BSR-T7/5 cells, a subline of BHK-21 cells stably expressing T7 RNA polymerase under the control of the cytomegalovirus promoter (Buchholz et al., 1999), were kindly provided by Karl-Klaus Conzelmann (Max-von-Pettenkofer-Institut, Munich, Germany). The cells were grown in Eagle's minimal essential medium supplemented with non-essential amino acids, 0·5 mg geneticin ml–1, and 5 % fetal calf serum. Primary fetal calf kidney (FCK) cells were prepared as described (Orban et al., 1983) and grown in Dulbecco's modified Eagle's medium supplemented with 10 % fetal calf serum. The NADL strain of BVDV was kindly provided by Hans-Richard Frey (Institute for Virology, School of Veterinary Medicine Hannover).
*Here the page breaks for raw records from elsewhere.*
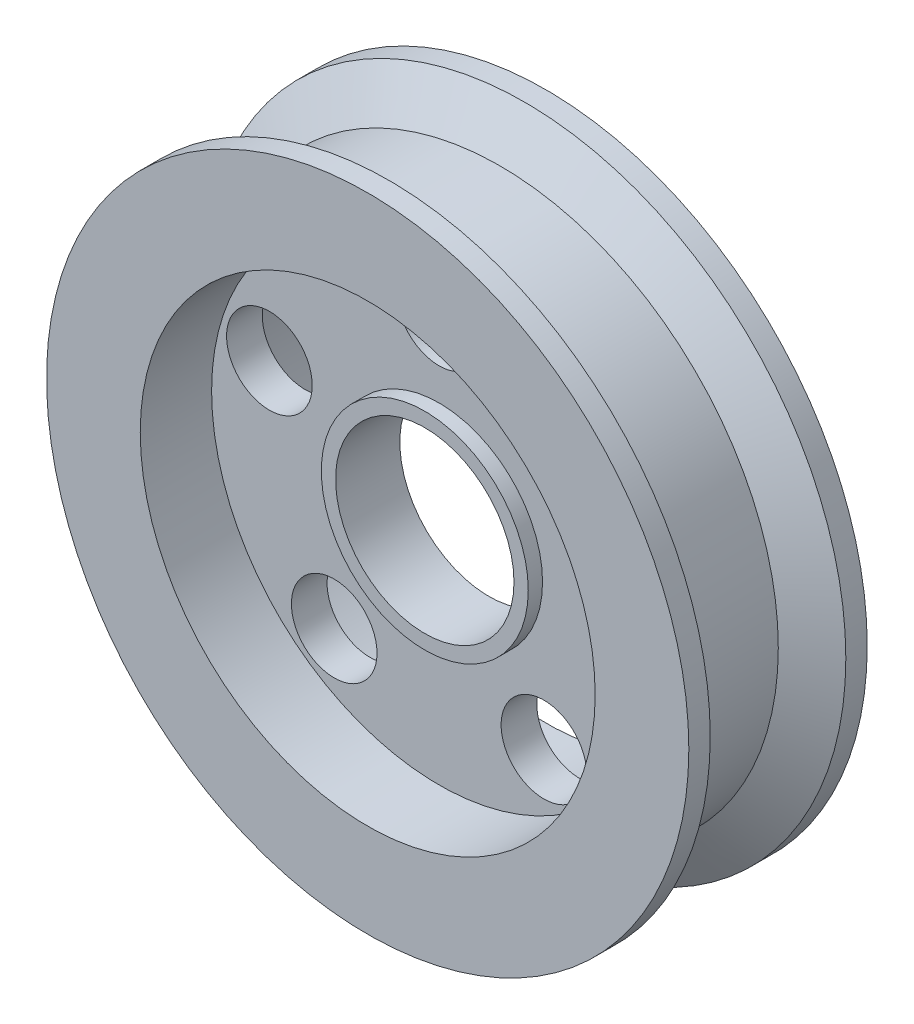
SolidWorks part; units mm, degrees
ref_plane "Front Plane" through (0, 0, 0) normal (0, 0, 1) x (1, 0, 0)
ref_plane "Top Plane" through (0, 0, 0) normal (0, 1, 0) x (1, 0, 0)
ref_plane "Right Plane" through (0, 0, 0) normal (1, 0, 0) x (0, 0, -1)
sketch "Sketch1" plane through (0, 0, 0) normal (0, 0, 1) x (1, 0, 0)
  circle A0 centre (0, 0) radius 45
  circle A1 centre (0, 0) radius 12.5
  dimension "D1" = 90
  dimension "D2" = 25
extrude "Boss-Extrude1" add sketch "Sketch1" along normal mid plane 25
sketch "Sketch2" plane through (0, 0, 12.5) normal (0, 0, 1) x (1, 0, 0)
  circle A0 centre (0, 0) radius 31.875
  dimension "D1" = 63.75
extrude "Cut-Extrude1" cut sketch "Sketch2" against normal blind 10
mirror "Mirror1" about plane through (0, 0, 0) normal (0, 0, 1) of "Cut-Extrude1"
sketch "Sketch3" plane through (0, 0, 2.5) normal (0, 0, 1) x (1, 0, 0)
  circle A0 centre (0, 25) radius 6
  dimension "D1" = 12
  dimension "D2" = 25
extrude "Cut-Extrude2" cut sketch "Sketch3" against normal through all
pattern_circular "CirPattern1" count 5 over 360 about axis through (0, 0, 0) along (0, 0, 1) of "Cut-Extrude2"
sketch "Sketch4" plane through (0, 0, 2.5) normal (0, 0, 1) x (1, 0, 0)
  circle A0 centre (0, 0) radius 14.5
  circle A1 centre (0, 0) radius 12.5 construction
  circle A2 centre (0, 0) radius 12.5
  dimension "D1" = 29
extrude "Boss-Extrude2" add sketch "Sketch4" along normal blind 2 and the other way blind 7
sketch "Sketch5" plane through (0, 0, 0) normal (0, 1, 0) x (1, 0, 0)
  line L0 (0, 0) -> (0, 34.4667) construction
  line L1 (45, 9.5) -> (39, 6.0359)
  line L2 (45, -12.5) -> (45, 12.5) construction
  line L3 (39, 6.0359) -> (39, -6.0359)
  line L4 (39, -6.0359) -> (45, -9.5)
  line L5 (45, -9.5) -> (45, 9.5)
  dimension "D1" = 3
  dimension "D2" = 3
  dimension "D3" = 6
  dimension "D4" = 120
  dimension "D5" = 60
revolve "Cut-Revolve1" cut sketch "Sketch5" angle 360 about L0
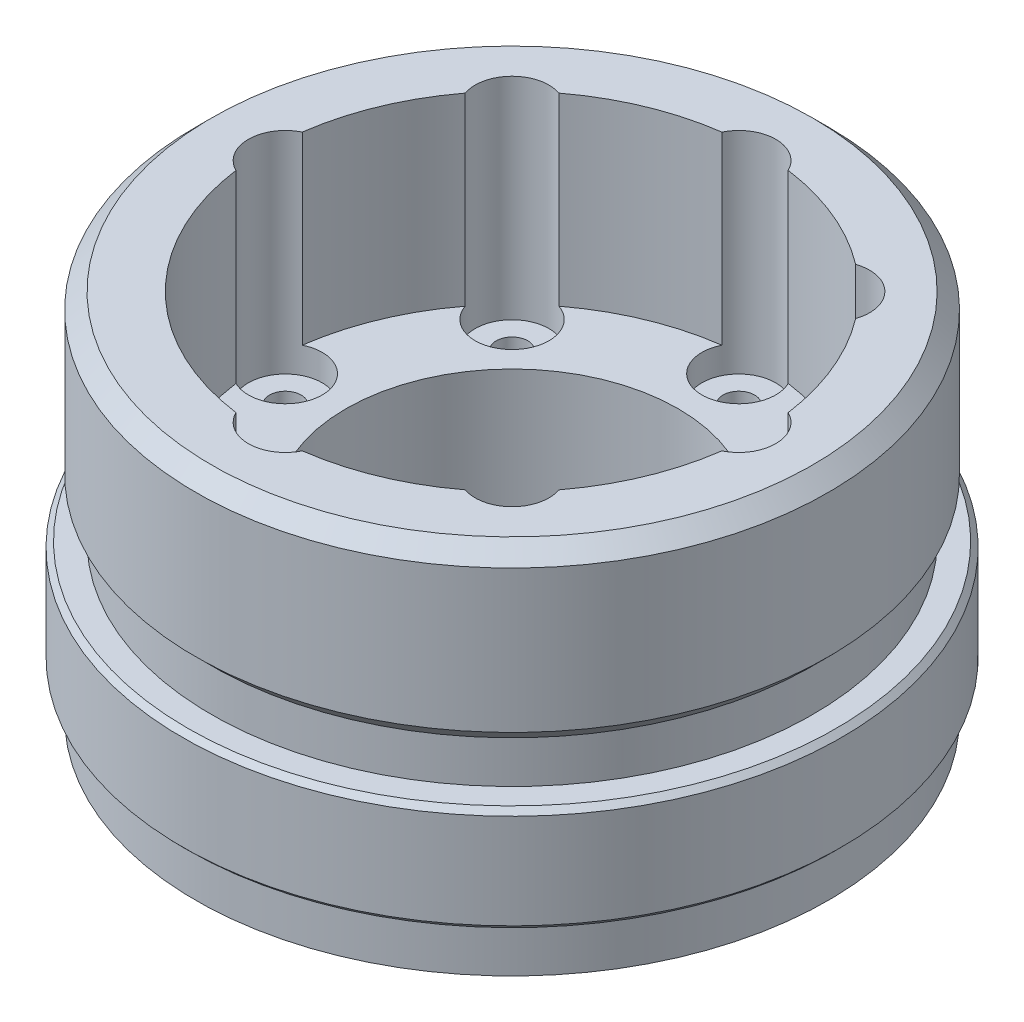
SolidWorks part; units mm, degrees
material "Алюминиевая бронза"
ref_plane "Спереди" through (0, 0, 0) normal (0, 0, 1) x (1, 0, 0)
ref_plane "Сверху" through (0, 0, 0) normal (0, 1, 0) x (1, 0, 0)
ref_plane "Справа" through (0, 0, 0) normal (1, 0, 0) x (0, 0, -1)
other "Табл. исп."
sketch "Эскиз1" plane through (0, 0, 0) normal (0, 0, 1) x (1, 0, 0)
  line L0 (0, 0) -> (0, 68.0615) construction
  line L1 (-42, 0) -> (-60, 0)
  line L2 (-60, 0) -> (-60, 9)
  line L3 (-60, 9) -> (-61.5, 9)
  line L4 (-62.5, 10) -> (-62.5, 28)
  line L5 (-62.5, 28) -> (-61.5, 29)
  line L6 (-61.5, 29) -> (-57, 29)
  line L7 (-57, 29) -> (-57, 37)
  line L8 (-57, 37) -> (-60, 40)
  line L9 (-60, 40) -> (-60, 67)
  line L10 (-60, 67) -> (-57, 70)
  line L11 (-57, 70) -> (-46.5, 70)
  line L12 (-46.5, 70) -> (-46.5, 35)
  line L13 (-46.5, 35) -> (-31.5, 35)
  line L14 (-31.5, 35) -> (-31.5, 10)
  line L15 (-31.5, 10) -> (-42, 10)
  line L16 (-42, 10) -> (-42, 0)
  line L17 (-61.5, 9) -> (-62.5, 10)
  dimension "D1" = 84
  dimension "D2" = 120
  dimension "D3" = 9
  dimension "D4" = 125
  dimension "D5" = 45
  dimension "D6" = 1
  dimension "D7" = 10
  dimension "D8" = 63
  dimension "D9" = 25
  dimension "D10" = 120
  dimension "D11" = 114
  dimension "D12" = 45
  dimension "D13" = 3
  dimension "D14" = 93
  dimension "D15" = 8
  dimension "D16" = 70
  dimension "D17" = 29
revolve "Повернуть1" add sketch "Эскиз1" angle 360 about L0
sketch "Эскиз5" plane through (0, 0, 0) normal (0, 0, 1) x (1, 0, 0)
  line L0 (-43, 84.5121) -> (-43, -16.1088) construction
  line L1 (-43, 0) -> (-46, 0)
  line L2 (-46, 0) -> (-46, 30)
  line L3 (-46, 30) -> (-50, 30)
  line L4 (-50, 30) -> (-50, 70)
  line L5 (-50, 70) -> (-43, 70)
  line L6 (-43, 70) -> (-43, 0)
  line L7 (31.5, 35) -> (-31.5, 35) construction
  line L8 (46.5, 70) -> (-46.5, 70) construction
  line L9 (-42, 0) -> (42, 0) construction
  dimension "D1" = 43
  dimension "D2" = 6
  dimension "D3" = 5
  dimension "D4" = 14
revolve "Вырез-Повернуть1" cut sketch "Эскиз5" angle 360 about L0
pattern_circular "Круговой массив1" count 8 over 360 about axis through (0, 0, 0) along (0, 1, 0) skipping 7 of "Вырез-Повернуть1"

BVDV was twice plaque-purified on FCK cells.

Construction of plasmids.
The G protein gene of VSV (strain Indiana) was amplified from the pVSV-XN2 vector (kindly provided by John K. Rose, New Haven, USA) by PCR using oligonucleotides a and b (Table 1). The two primers contained an EcoRI and a BamHI restriction site, respectively, which allowed us to clone the PCR product into the respective sites of the pTM1 vector (Moss et al., 1990) resulting in pTM1-G. The total open reading frame of G was sequenced and found to be identical with the published sequence (accession no. NC_001560).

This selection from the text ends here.